How would you capture 1 1/2" x 65' worth of water in the basement and sludge and not ruin a carpet or have dirty water fly all over the place?

I had a bob like that and needed 75' foot cable for a kitchen and I was worried with the 3/8


----------



## V.A Hydro-ooter (Oct 14, 2018)

skoronesa said:


> Venomthirst said:
> 
> 
> > Did a job today long as run bunch of 90s at least 5 including a ty hard long run got it to the stack and back and forth multiple times to get it.. was a fun one.. Nothing dirty here just a typical kitchen call
> ...


This is why I rarely use my drum machines anymore. If the lines are long runs, and I don't feel like having to run the cable multiple times if it didn't unclog on the first, I use my 5/8" sectional cables. All I do is pull back just enough to leave the end by the trap 90, uncouple the cable and put the trap back. Then I run water to see if it's unclogged. If it's not then I just remove the trap, couple the next cable and keep going. Plus it helps clean off my cable if the line did unclog. 
If I weren't such a tool hoarder I'd sell my k3800 since my k50 knockoff and drill cover 99% of my branch lines and even some of my main lines. I actually snaked a 4" cast iron main yesterday using my drill, 5/8" cable and chain knocker. I ran the camera after and found a straggler root so I pulled the chain knocker back to that spot and left the line completely clear of roots.


----------



## skoronesa (Oct 27, 2015)

Tango said:


> How would you capture 1 1/2" x 65' worth of water in the basement and sludge and not ruin a carpet or have dirty water fly all over the place?
> 
> I had a bob like that and needed 75' foot cable for a kitchen and I was worried with the 3/8



It looked like the part of that basement where I would be working was unfinished so that is low risk. I would put down drop cloths anyway. I keep around 10 five gallon buckets on my van at all times. I alsp have a 35 gallon trash barrel on my van. I would start by cutting the pipe closer towards the main line end and put a fernco jim cap on the high side for safety. I would attach a 1-1/2" tee and 90 on the low side so the 90 goes down into my buckets and I can run the mini jetter in from the top. Once I had the short run going to the main clear I would reassemble the run with the tee in it so I could jet the portion going back to the kitchen and have my waste go into the main. Once I am done the tee stays as a cleanout point for next time.


I know this might seem like more work but I can do this faster and the pipe will end up cleaner and it requires a unit that takes up less space on the van.

The real plus is I can work standing up and not kill my back.

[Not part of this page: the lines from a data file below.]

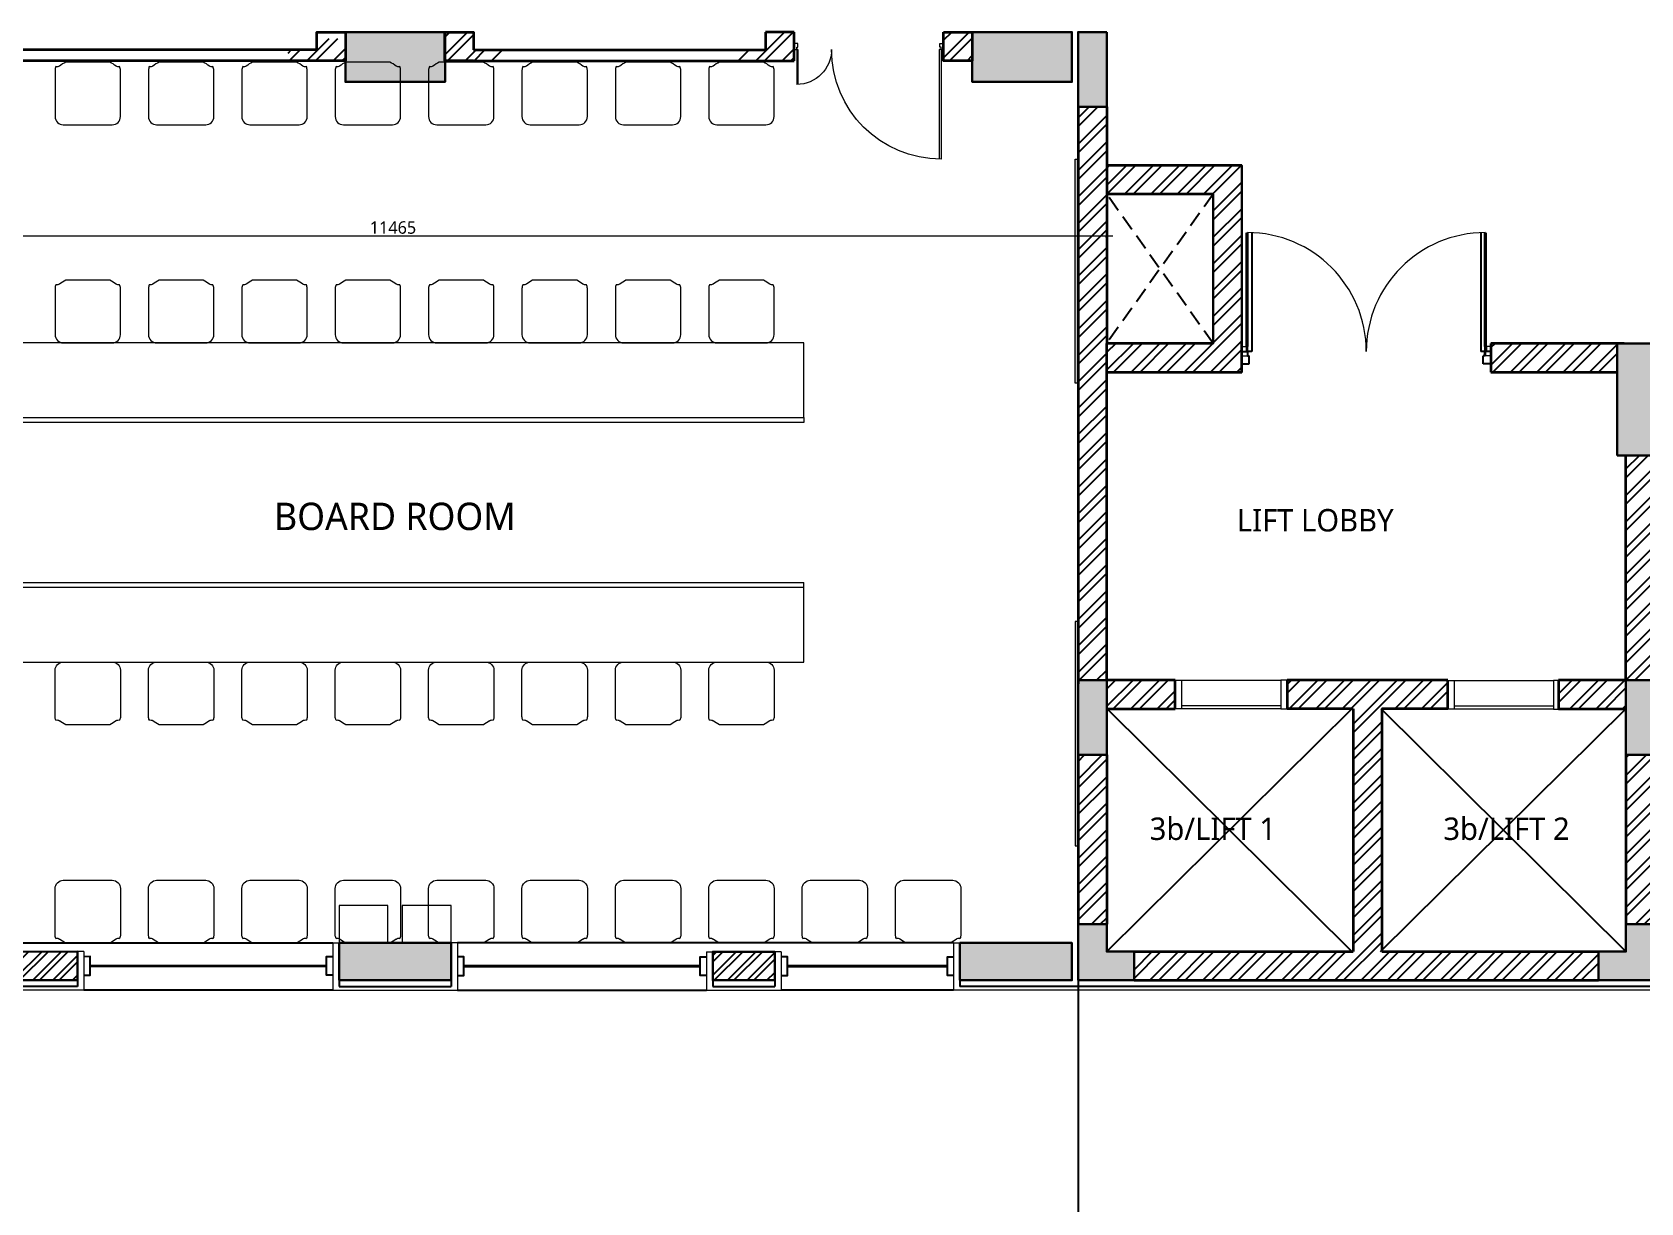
# Model space of a CAD drawing. Header units: millimetres. Extents: x 897770 to 1185420, y -692043 to -233237.
# Drawn here: x 919102 to 932023, y -667624 to -658221 of the extents above; entities that cross this region are included whole.
import ezdxf

# ---------------------------------------------------------------- set-up
doc = ezdxf.new("R2010")
doc.units = ezdxf.units.MM
doc.header["$MEASUREMENT"] = 0
doc.header["$PDMODE"] = 67
doc.linetypes.add('HIDDEN', pattern=[0.375, 0.25, -0.125])
doc.layers.get('Defpoints').update_dxf_attribs({"color": 6})
for name, color, linetype in [('A-Anno Tags', 6, 'Continuous'), ('A-Wall Patt', 8, 'Continuous'), ('A-Window', 4, 'Continuous'), ('S-Conc Patt', 9, 'Continuous')]:
    doc.layers.add(name, color=color, linetype=linetype)
for name, color, linetype, lineweight in [('A-Detail Lines', 8, 'Continuous', 25), ('A-Door', 4, 'Continuous', 9), ('A-Wall Sec', 1, 'Continuous', 30), ('A-WIN', 5, 'Continuous', 25), ('ele l', 6, 'Continuous', 15), ('Fire pipe', 80, 'Continuous', 15), ('I-Furniture', 34, 'Continuous', 13), ('P-SANR-FIXT', 6, 'Continuous', 9), ('S-Concrete', 40, 'Continuous', 30), ('ST CLADDING PLAN', 6, 'Continuous', 9), ('text', 7, 'Continuous', 5)]:
    doc.layers.add(name, color=color, linetype=linetype, lineweight=lineweight)
doc.styles.get("Standard").update_dxf_attribs({"font": 'trebuc.ttf'})
doc.dimstyles.new('IIITD_WD_M @ 50', dxfattribs={"dimscale": 50, "dimtxt": 2, "dimasz": 0.5, "dimexe": 0.5, "dimexo": 0.25, "dimgap": 0.3, "dimtad": 1, "dimdec": 0, "dimrnd": 1, "dimzin": 0, "dimdsep": 46, "dimtxsty": 'Standard', "dimblk": 'ARCHTICK', "dimcen": 0.2, "dimdle": 1, "dimclrd": 8, "dimclre": 9, "dimadec": 0, "dimazin": 0, "dimtfac": 1, "dimtdec": 0, "dimtofl": 0, "dimtmove": 0, "dimatfit": 0, "dimfxl": 1, "dimtolj": 1, "dimtzin": 0, "dimlwd": -1, "dimlwe": -1, "dimarcsym": 0})
pattern_1 = [(45, (686743.83, -466493.58), (-106.06602, 106.06602), []), (45, (686814.54, -466493.58), (-106.06602, 106.06602), [])]
pattern_2 = [(45, (1e-07, -298425.88), (-106.066017, 106.066017), []), (45, (70.71, -298425.88), (-106.066017, 106.066017), [])]
pattern_3 = [(45, (1e-07, -149225.38), (-106.066017, 106.066017), []), (45, (70.71, -149225.38), (-106.066017, 106.066017), [])]
pattern_4 = [(45, (1e-07, -8072.94), (-106.066017, 106.066017), []), (45, (70.71, -8072.94), (-106.066017, 106.066017), [])]

# ---------------------------------------------------------------- blocks, each defined once
blk = doc.blocks.new('Lift Door')
at = {"layer": 'A-Door'}
for p, q in [((-15830, -5817), (-15830, -6617)), ((-15625, -6617), (-15625, -5817)), ((-15600, -6617), (-15600, -5817))]:
    blk.add_line(p, q, dxfattribs=at)
for points in [[(-15830, -5767), (-15830, -5817), (-15600, -5817), (-15600, -5767)], [(-15830, -6667), (-15830, -6617), (-15600, -6617), (-15600, -6667)]]:
    blk.add_lwpolyline(points, dxfattribs=at)
blk = doc.blocks.new('Double Shutter-Double Panel - 2000 x 2100 mm-40-03_ff')
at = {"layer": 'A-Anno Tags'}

Or as my old boss put it, "Work like a gentleman.".


.


----------



## Tango (Jan 13, 2018)

skoronesa said:


> It looked like the part of that basement where I would be working was unfinished so that is low risk. I would put down drop cloths anyway. I keep around 10 five gallon buckets on my van at all times. I alsp have a 35 gallon trash barrel on my van. I would start by cutting the pipe closer towards the main line end and put a fernco jim cap on the high side for safety. I would attach a 1-1/2" tee and 90 on the low side so the 90 goes down into my buckets and I can run the mini jetter in from the top. Once I had the short run going to the main clear I would reassemble the run with the tee in it so I could jet the portion going back to the kitchen and have my waste go into the main. Once I am done the tee stays as a cleanout point for next time.
> 
> 
> I know this might seem like more work but I can do this faster and the pipe will end up cleaner and it requires a unit that takes up less space on the van.
> ...



Nice! You told me which truck you had but I forgot but Man you must have a cube van to carry that many buckets and the large barrel.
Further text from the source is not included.